They make some nice cars, that's for sure. Super stoked to drive dad's new Macan Turbo in a few weeks (yes I realize I'm off the raw handling topic there!)


----------



## Dan Halen (May 16, 2002)

HalvieCuw said:


> So if this had another 30-40 hp it would be useless? k
> 
> http://forums.vwvortex.com/showthread.php?6926367-Seat-Le%F3n-Cupra-sets-FWD-Nurburgring-record


Do you only come here to post with an antagonistic tone?

That's impressive, sure, but let me know when that a) represents the average front-driver and b) can be purchased here.

And without being able to thrash it myself with 300HP, no, I can't say whether that particular example would be pointless. And neither can you.

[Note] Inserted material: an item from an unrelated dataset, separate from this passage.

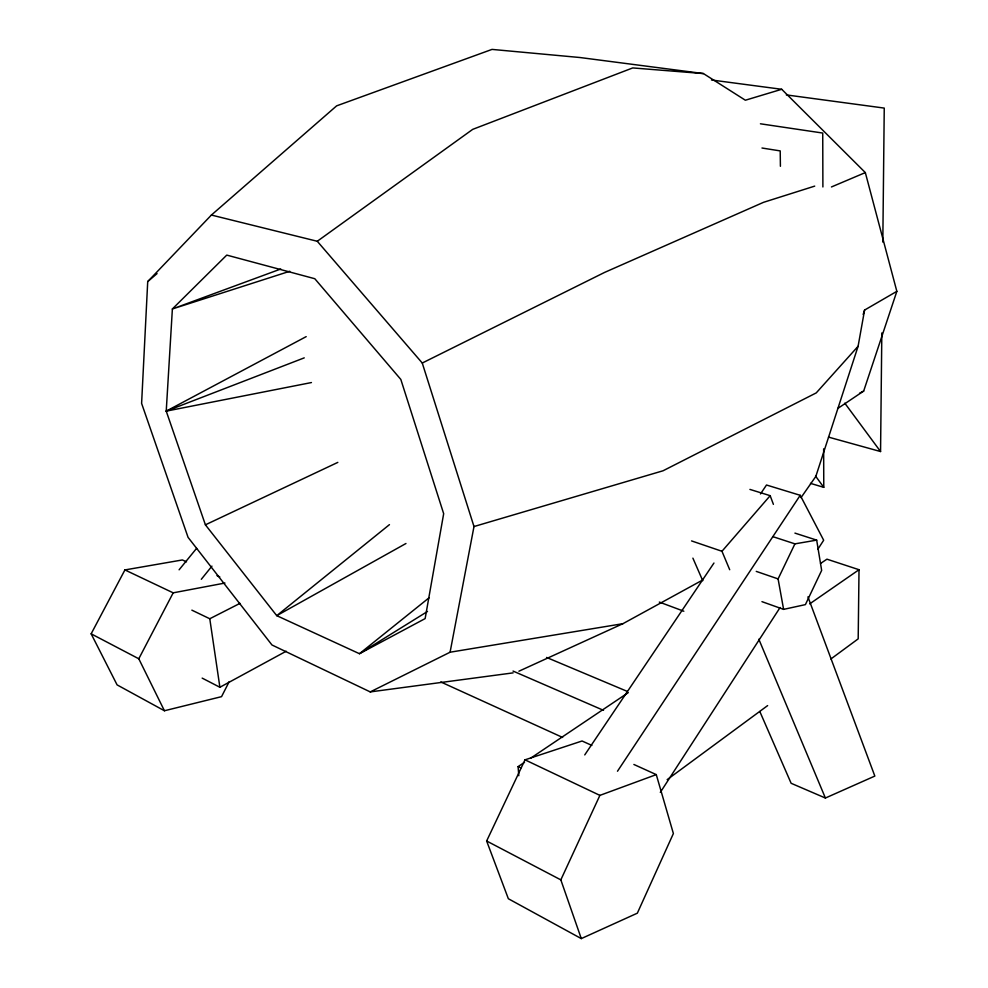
<?xml version="1.0" encoding="UTF-8"?>
<svg xmlns="http://www.w3.org/2000/svg" width="988" height="988" viewBox="0 0 988 988"><rect width="100%" height="100%" fill="white"/><g stroke="black" fill="none" stroke-linecap="round" stroke-linejoin="round"><path stroke-width="1.48" d="M828.5 437.116L880.555 451.541L881.827 332.956M882.815 242.085L884.248 108.087L786.337 94.91M820.546 563.469L826.944 559.171L859.017 569.718L858.189 638.853L830.896 658.971M837.651 408.55L863.673 391.063L896.845 291.349L865.327 172.591L781.718 89.291L745.36 100.22L703.419 73.569L580.005 57.526L492.024 49.4L336.636 105.852L211.395 215.051L147.718 281.58L141.605 403.388L188.066 537.361L271.972 644.979L370.241 691.909L513.118 672.877M311.442 382.554L166.231 411.132L172.381 308.96L226.758 255.102L314.789 278.715L400.819 379.429L443.674 513.698L425.136 618.599L359.459 653.71L276.751 615.66L205.405 524.826L166.231 411.132L306.194 336.624M801.009 497.643L815.816 476.438L858.09 346.282L864.586 310.071L896.845 291.349M370.241 691.909L450.083 652.216L473.993 526.542L422.259 363.028L317.272 241.27L211.395 215.051M863.166 314.48L864.586 310.071M581.29 938.6L560.826 879.863L599.889 795.377L656.279 774.617L673.384 833.539L637.346 913.171L581.29 938.6L508.351 898.734L486.639 840.998L525.011 759.834L582.068 740.988L591.861 745.434M783.608 609.374L778.087 578.906L794.92 543.857L816.681 540.127L821.658 570.409L805.405 604.619L783.608 609.374L761.958 601.655M229.228 681.596L221.547 696.651L164.428 710.755L117.09 684.882L91.155 633.827L124.92 569.928L182.372 559.949L186.522 561.839M164.428 710.755L138.789 658.774L173.184 592.837L224.955 583.044M660.317 792.388L780.112 607.484M817.805 549.291L823.671 540.238L800.218 495.309L766.503 485.009L760.476 493.963M617.488 771.233L800.218 495.309M584.748 754.906L713.954 563.037M201.305 579.289L211.938 566.136M179.1 569.804L196.649 548.303M729.7 569.718L721.969 551.279L770.171 495.68L749.917 489.406M858.09 346.282L816.236 392.903L663.034 470.782L473.993 526.542M147.718 281.58L157.067 273.602M389.457 524.64L276.751 615.66L405.969 543.499M429.212 597.678L359.459 653.71L427.495 611.473M667.147 779.655L767.639 705.593M317.272 241.27L472.721 129.354L632.74 67.925L703.419 73.569M809.666 603.89L859.017 569.718M518.786 775.728L518.107 766.614L524.517 762.304M530.927 758.006L628.319 692.588M518.922 671.21L622.922 623.687L702.616 580.042M202.169 678.114L219.892 687.265L286.199 651.228M859.622 393.212L863.673 391.063M191.857 610.152L209.777 618.747L239.998 603.347M422.259 363.028L604.57 272.429L763.539 202.318L814.717 186.114M205.405 524.826L337.822 462.384M759.821 711.521L791.129 783.286L825.4 798.032L874.837 776.074L807.937 596.851M831.451 186.954L865.327 172.591M166.231 411.132L304.242 357.866M280.765 269.008L172.381 308.96L289.768 271.268M450.083 652.216L622.922 623.687M711.484 79.991L781.718 89.291M760.427 123.796L822.732 133.047L822.893 186.967M761.983 148.015L780.211 150.905L780.409 166.293M810.493 483.367L823.77 487.343L823.659 448.824M794.932 533.112L816.681 540.127M773.024 536.706L794.92 543.857M691.551 540.918L721.969 551.279M756.252 571.385L778.087 578.906M659.317 602.075L683.832 611.226M546.549 657.44L627.454 691.464M513.031 671.062L603.507 710.335M217.014 575.646L219.781 576.893M633.876 764.465L656.279 774.617M440.796 681.955L562.629 737.443M124.92 569.928L173.184 592.837M525.011 759.834L599.889 795.377M518.107 766.614L520.787 767.886M91.155 633.827L138.789 658.774M486.639 840.998L560.826 879.863M844.802 403.178L880.555 451.541M815.594 476.13L823.77 487.343M692.897 558.146L702.727 580.66M758.821 639.211L825.4 798.032M770.171 495.68L773.406 504.349M209.777 618.747L219.892 687.265"/></g></svg>

Lastly, pointless ≠ useless.


----------



## Dan Halen (May 16, 2002)

BEM10001 said:


> They make some nice cars, that's for sure. Super stoked to drive dad's new Macan Turbo in a few weeks (yes I realize I'm off the raw handling topic there!)


The Macan is damn sharp.


----------



## HalvieCuw (Mar 20, 2003)

Dan Halen said:


> *Do you only come here to post with an antagonistic tone?
> *
> That's impressive, sure, but let me know when that a) represents the average front-driver and b) can be purchased here.
> 
> ...


I come to this part of the forum be be antagonistic and disappointed.


----------



## Dan Halen (May 16, 2002)

Hah! You're in the right place for the latter if the overall mood in recent threads is any indication.


----------



## Negesh (Jun 6, 2010)

I've had a deposit down on an S3 since October but my excitement towards it has cooled quite a bit since. I recently checked out the new m235i and came away impressed, I think the xdrive version will be very solid competition for the S3. It is more money, but its also arguably more car.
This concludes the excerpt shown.